### Your task:
The listing below contains a span that opens with the line containing "#135=EDGE_CURVE('E410',#134,#126,#132,.T.);" and closes with the line containing "#173=LINE('',#172,#171);". Return that span exactly.

Exercise material START

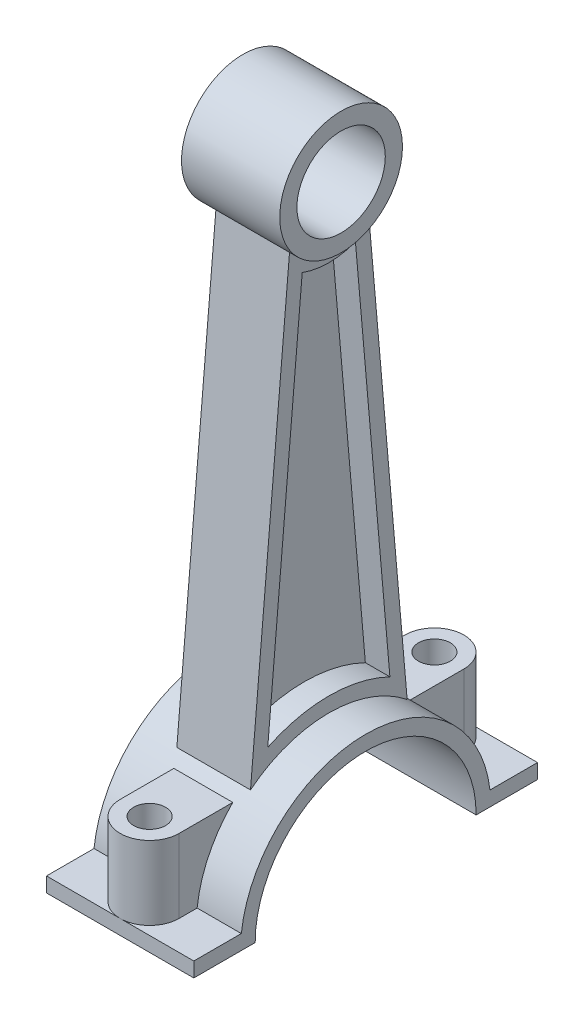
ISO-10303-21;
HEADER;
FILE_DESCRIPTION(('STEP AP214'),'2;1');
FILE_NAME('part.step','',(''),(''),'','','');
FILE_SCHEMA(('AUTOMOTIVE_DESIGN { 1 0 10303 214 1 1 1 1 }'));
ENDSEC;
DATA;
#1=APPLICATION_CONTEXT('core data for automotive mechanical design processes');
#2=APPLICATION_PROTOCOL_DEFINITION('international standard','automotive_design',2000,#1);
#3=PRODUCT_CONTEXT('',#1,'mechanical');
#4=PRODUCT('Part','Part','',(#3));
#5=PRODUCT_RELATED_PRODUCT_CATEGORY('part','',(#4));
#6=PRODUCT_DEFINITION_FORMATION('','',#4);
#7=PRODUCT_DEFINITION_CONTEXT('part definition',#1,'design');
#8=PRODUCT_DEFINITION('design','',#6,#7);
#9=PRODUCT_DEFINITION_SHAPE('','',#8);
#10=(LENGTH_UNIT() NAMED_UNIT(*) SI_UNIT(.MILLI.,.METRE.));
#11=(NAMED_UNIT(*) PLANE_ANGLE_UNIT() SI_UNIT($,.RADIAN.));
#12=(NAMED_UNIT(*) SI_UNIT($,.STERADIAN.) SOLID_ANGLE_UNIT());
#13=UNCERTAINTY_MEASURE_WITH_UNIT(LENGTH_MEASURE(1.E-05),#10,'distance_accuracy_value','');
#14=(GEOMETRIC_REPRESENTATION_CONTEXT(3) GLOBAL_UNCERTAINTY_ASSIGNED_CONTEXT((#13)) GLOBAL_UNIT_ASSIGNED_CONTEXT((#10,
#11,#12)) REPRESENTATION_CONTEXT('',''));
#15=CARTESIAN_POINT('',(0.,0.,0.));
#16=DIRECTION('',(0.,0.,1.));
#17=DIRECTION('',(1.,0.,0.));
#18=AXIS2_PLACEMENT_3D('',#15,#16,#17);
#19=CARTESIAN_POINT('',(7.5,0.,0.));
#20=DIRECTION('',(1.,0.,0.));
#21=DIRECTION('',(0.,0.,-1.));
#22=AXIS2_PLACEMENT_3D('',#19,#20,#21);
#23=PLANE('',#22);
#24=CARTESIAN_POINT('',(7.5,-120.4,0.));
#25=DIRECTION('',(1.,0.,0.));
#26=DIRECTION('',(0.,0.,-1.));
#27=AXIS2_PLACEMENT_3D('',#24,#25,#26);
#28=CIRCLE('',#27,25.5);
#29=CARTESIAN_POINT('',(7.5,-100.506382816849,-15.9528679355858));
#30=VERTEX_POINT('',#29);
#31=CARTESIAN_POINT('',(7.5,-100.506382816849,15.9528679355858));
#32=VERTEX_POINT('',#31);
#33=EDGE_CURVE('E426',#30,#32,#28,.T.);
#34=ORIENTED_EDGE('',*,*,#33,.F.);
#35=DIRECTION('',(0.,-0.996194698091746,-0.0871557427476582));
#36=VECTOR('',#35,1.);
#37=CARTESIAN_POINT('',(7.5,0.621634326986274,-7.10531287064495));
#38=LINE('',#37,#36);
#39=CARTESIAN_POINT('',(7.5,-9.60468635614928,-8.));
#40=VERTEX_POINT('',#39);
#41=EDGE_CURVE('E428',#40,#30,#38,.T.);
#42=ORIENTED_EDGE('',*,*,#41,.F.);
#43=CARTESIAN_POINT('',(7.5,0.,0.));
#44=DIRECTION('',(1.,0.,0.));
#45=DIRECTION('',(0.,0.,-1.));
#46=AXIS2_PLACEMENT_3D('',#43,#44,#45);
#47=CIRCLE('',#46,12.5);
#48=CARTESIAN_POINT('',(7.5,-9.60468635614928,8.));
#49=VERTEX_POINT('',#48);
#50=EDGE_CURVE('E432',#49,#40,#47,.T.);
#51=ORIENTED_EDGE('',*,*,#50,.F.);
#52=DIRECTION('',(0.,-0.996194698091746,0.0871557427476582));
#53=VECTOR('',#52,1.);
#54=CARTESIAN_POINT('',(7.5,0.621634326986274,7.10531287064495));
#55=LINE('',#54,#53);
#56=EDGE_CURVE('E434',#49,#32,#55,.T.);
#57=ORIENTED_EDGE('',*,*,#56,.T.);
#58=EDGE_LOOP('',(#34,#42,#51,#57));
#59=FACE_BOUND('',#58,.T.);
#60=DIRECTION('',(0.,-0.996194698091746,-0.0871557427476582));
#61=VECTOR('',#60,1.);
#62=CARTESIAN_POINT('',(7.5,0.360167098743299,-4.11672877636972));
#63=LINE('',#62,#61);
#64=CARTESIAN_POINT('',(7.5,-14.5219555829309,-5.41874580021823));
#65=VERTEX_POINT('',#64);
#66=CARTESIAN_POINT('',(7.5,-94.7575560761521,-12.4384512545701));
#67=VERTEX_POINT('',#66);
#68=EDGE_CURVE('E277',#65,#67,#63,.T.);
#69=ORIENTED_EDGE('',*,*,#68,.T.);
#70=CARTESIAN_POINT('',(7.5,-120.4,0.));
#71=DIRECTION('',(1.,0.,0.));
#72=DIRECTION('',(0.,0.,-1.));
#73=AXIS2_PLACEMENT_3D('',#70,#71,#72);
#74=CIRCLE('',#73,28.5);
#75=CARTESIAN_POINT('',(7.5,-94.7575560761521,12.4384512545701));
#76=VERTEX_POINT('',#75);
#77=EDGE_CURVE('E58',#67,#76,#74,.T.);
#78=ORIENTED_EDGE('',*,*,#77,.T.);
#79=DIRECTION('',(0.,-0.996194698091746,0.0871557427476582));
#80=VECTOR('',#79,1.);
#81=CARTESIAN_POINT('',(7.5,0.360167098743299,4.11672877636972));
#82=LINE('',#81,#80);
#83=CARTESIAN_POINT('',(7.5,-14.5219555829309,5.41874580021823));
#84=VERTEX_POINT('',#83);
#85=EDGE_CURVE('E268',#84,#76,#82,.T.);
#86=ORIENTED_EDGE('',*,*,#85,.F.);
#87=CARTESIAN_POINT('',(7.5,0.,0.));
#88=DIRECTION('',(1.,0.,0.));
#89=DIRECTION('',(0.,0.,-1.));
#90=AXIS2_PLACEMENT_3D('',#87,#88,#89);
#91=CIRCLE('',#90,15.5);
#92=EDGE_CURVE('E280',#84,#65,#91,.T.);
#93=ORIENTED_EDGE('',*,*,#92,.T.);
#94=EDGE_LOOP('',(#69,#78,#86,#93));
#95=FACE_BOUND('',#94,.T.);
#96=ADVANCED_FACE('F35',(#59,#95),#23,.T.);
#97=CARTESIAN_POINT('',(15.,-117.4,25.3229145242012));
#98=DIRECTION('',(0.,-1.,0.));
#99=DIRECTION('',(0.,0.,-1.));
#100=AXIS2_PLACEMENT_3D('',#97,#98,#99);
#101=PLANE('',#100);
#102=DIRECTION('',(-1.,0.,0.));
#103=VECTOR('',#102,1.);
#104=CARTESIAN_POINT('',(15.,-117.4,25.3229145242012));
#105=LINE('',#104,#103);
#106=CARTESIAN_POINT('',(15.,-117.4,25.3229145242012));
#107=VERTEX_POINT('',#106);
#108=CARTESIAN_POINT('',(6.,-117.4,25.3229145242012));
#109=VERTEX_POINT('',#108);
#110=EDGE_CURVE('E406',#107,#109,#105,.T.);
#111=ORIENTED_EDGE('',*,*,#110,.T.);
#112=DIRECTION('',(0.,0.,1.));
#113=VECTOR('',#112,1.);
#114=CARTESIAN_POINT('',(6.,-117.4,29.));
#115=LINE('',#114,#113);
#116=CARTESIAN_POINT('',(6.,-117.4,29.));
#117=VERTEX_POINT('',#116);
#118=EDGE_CURVE('E296',#109,#117,#115,.T.);
#119=ORIENTED_EDGE('',*,*,#118,.T.);
#120=CARTESIAN_POINT('',(0.,-117.4,29.));
#121=DIRECTION('',(0.,-1.,0.));
#122=DIRECTION('',(0.,0.,-1.));
#123=AXIS2_PLACEMENT_3D('',#120,#121,#122);
#124=CIRCLE('',#123,6.);
#125=CARTESIAN_POINT('',(0.,-117.4,35.));
#126=VERTEX_POINT('',#125);
#127=EDGE_CURVE('E302',#117,#126,#124,.T.);
#128=ORIENTED_EDGE('',*,*,#127,.T.);
#129=DIRECTION('',(-1.,0.,0.));
#130=VECTOR('',#129,1.);
#131=CARTESIAN_POINT('',(15.,-117.4,35.));
#132=LINE('',#131,#130);
#133=CARTESIAN_POINT('',(15.,-117.4,35.));
#134=VERTEX_POINT('',#133);
#135=EDGE_CURVE('E410',#134,#126,#132,.T.);
#136=ORIENTED_EDGE('',*,*,#135,.F.);
#137=DIRECTION('',(0.,0.,1.));
#138=VECTOR('',#137,1.);
#139=CARTESIAN_POINT('',(15.,-117.4,25.3229145242012));
#140=LINE('',#139,#138);
#141=EDGE_CURVE('E375',#107,#134,#140,.T.);
#142=ORIENTED_EDGE('',*,*,#141,.F.);
#143=EDGE_LOOP('',(#111,#119,#128,#136,#142));
#144=FACE_BOUND('',#143,.T.);
#145=ADVANCED_FACE('F516',(#144),#101,.F.);
#146=CARTESIAN_POINT('',(15.,-117.4,-25.3229145242012));
#147=DIRECTION('',(0.,1.,0.));
#148=DIRECTION('',(0.,0.,1.));
#149=AXIS2_PLACEMENT_3D('',#146,#147,#148);
#150=PLANE('',#149);
#151=CARTESIAN_POINT('',(0.,-117.4,-29.));
#152=DIRECTION('',(0.,1.,0.));
#153=DIRECTION('',(0.,0.,1.));
#154=AXIS2_PLACEMENT_3D('',#151,#152,#153);
#155=CIRCLE('',#154,6.);
#156=CARTESIAN_POINT('',(6.,-117.4,-29.));
#157=VERTEX_POINT('',#156);
#158=CARTESIAN_POINT('',(0.,-117.4,-35.));
#159=VERTEX_POINT('',#158);
#160=EDGE_CURVE('E344',#157,#159,#155,.T.);
#161=ORIENTED_EDGE('',*,*,#160,.F.);
#162=DIRECTION('',(0.,0.,-1.));
#163=VECTOR('',#162,1.);
#164=CARTESIAN_POINT('',(6.,-117.4,-29.));
#165=LINE('',#164,#163);
#166=CARTESIAN_POINT('',(6.,-117.4,-25.3229145242012));
#167=VERTEX_POINT('',#166);
#168=EDGE_CURVE('E331',#167,#157,#165,.T.);
#169=ORIENTED_EDGE('',*,*,#168,.F.);
#170=DIRECTION('',(-1.,0.,0.));
#171=VECTOR('',#170,1.);
#172=CARTESIAN_POINT('',(15.,-117.4,-25.3229145242012));
#173=LINE('',#172,#171);
#174=CARTESIAN_POINT('',(15.,-117.4,-25.3229145242012));
#175=VERTEX_POINT('',#174);
#176=EDGE_CURVE('E401',#175,#167,#173,.T.);
#177=ORIENTED_EDGE('',*,*,#176,.F.);
#178=DIRECTION('',(0.,0.,-1.));
#179=VECTOR('',#178,1.);
#180=CARTESIAN_POINT('',(15.,-117.4,-25.3229145242012));
#181=LINE('',#180,#179);
#182=CARTESIAN_POINT('',(15.,-117.4,-35.));
#183=VERTEX_POINT('',#182);
#184=EDGE_CURVE('E358',#175,#183,#181,.T.);
#185=ORIENTED_EDGE('',*,*,#184,.T.);
#186=DIRECTION('',(-1.,0.,0.));
#187=VECTOR('',#186,1.);
#188=CARTESIAN_POINT('',(15.,-117.4,-35.));
#189=LINE('',#188,#187);
#190=EDGE_CURVE('E423',#183,#159,#189,.T.);
#191=ORIENTED_EDGE('',*,*,#190,.T.);
#192=EDGE_LOOP('',(#161,#169,#177,#185,#191));
#193=FACE_BOUND('',#192,.T.);
#194=ADVANCED_FACE('F489',(#193),#150,.T.);
#195=DIRECTION('',(0.,0.,1.));
#196=VECTOR('',#195,1.);
#197=CARTESIAN_POINT('',(-6.,-117.4,-29.));
#198=LINE('',#197,#196);
#199=CARTESIAN_POINT('',(-6.,-117.4,-29.));
#200=VERTEX_POINT('',#199);
#201=CARTESIAN_POINT('',(-6.,-117.4,-25.3229145242012));
#202=VERTEX_POINT('',#201);
#203=EDGE_CURVE('E337',#200,#202,#198,.T.);
#204=ORIENTED_EDGE('',*,*,#203,.F.);
#205=EDGE_CURVE('E343',#159,#200,#155,.T.);
#206=ORIENTED_EDGE('',*,*,#205,.F.);
#207=CARTESIAN_POINT('',(-15.,-117.4,-35.));
#208=VERTEX_POINT('',#207);
#209=EDGE_CURVE('E379',#159,#208,#189,.T.);
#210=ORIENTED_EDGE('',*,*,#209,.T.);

Exercise material END

### Answer section:
#135=EDGE_CURVE('E410',#134,#126,#132,.T.);
#136=ORIENTED_EDGE('',*,*,#135,.F.);
#137=DIRECTION('',(0.,0.,1.));
#138=VECTOR('',#137,1.);
#139=CARTESIAN_POINT('',(15.,-117.4,25.3229145242012));
#140=LINE('',#139,#138);
#141=EDGE_CURVE('E375',#107,#134,#140,.T.);
#142=ORIENTED_EDGE('',*,*,#141,.F.);
#143=EDGE_LOOP('',(#111,#119,#128,#136,#142));
#144=FACE_BOUND('',#143,.T.);
#145=ADVANCED_FACE('F516',(#144),#101,.F.);
#146=CARTESIAN_POINT('',(15.,-117.4,-25.3229145242012));
#147=DIRECTION('',(0.,1.,0.));
#148=DIRECTION('',(0.,0.,1.));
#149=AXIS2_PLACEMENT_3D('',#146,#147,#148);
#150=PLANE('',#149);
#151=CARTESIAN_POINT('',(0.,-117.4,-29.));
#152=DIRECTION('',(0.,1.,0.));
#153=DIRECTION('',(0.,0.,1.));
#154=AXIS2_PLACEMENT_3D('',#151,#152,#153);
#155=CIRCLE('',#154,6.);
#156=CARTESIAN_POINT('',(6.,-117.4,-29.));
#157=VERTEX_POINT('',#156);
#158=CARTESIAN_POINT('',(0.,-117.4,-35.));
#159=VERTEX_POINT('',#158);
#160=EDGE_CURVE('E344',#157,#159,#155,.T.);
#161=ORIENTED_EDGE('',*,*,#160,.F.);
#162=DIRECTION('',(0.,0.,-1.));
#163=VECTOR('',#162,1.);
#164=CARTESIAN_POINT('',(6.,-117.4,-29.));
#165=LINE('',#164,#163);
#166=CARTESIAN_POINT('',(6.,-117.4,-25.3229145242012));
#167=VERTEX_POINT('',#166);
#168=EDGE_CURVE('E331',#167,#157,#165,.T.);
#169=ORIENTED_EDGE('',*,*,#168,.F.);
#170=DIRECTION('',(-1.,0.,0.));
#171=VECTOR('',#170,1.);
#172=CARTESIAN_POINT('',(15.,-117.4,-25.3229145242012));
#173=LINE('',#172,#171);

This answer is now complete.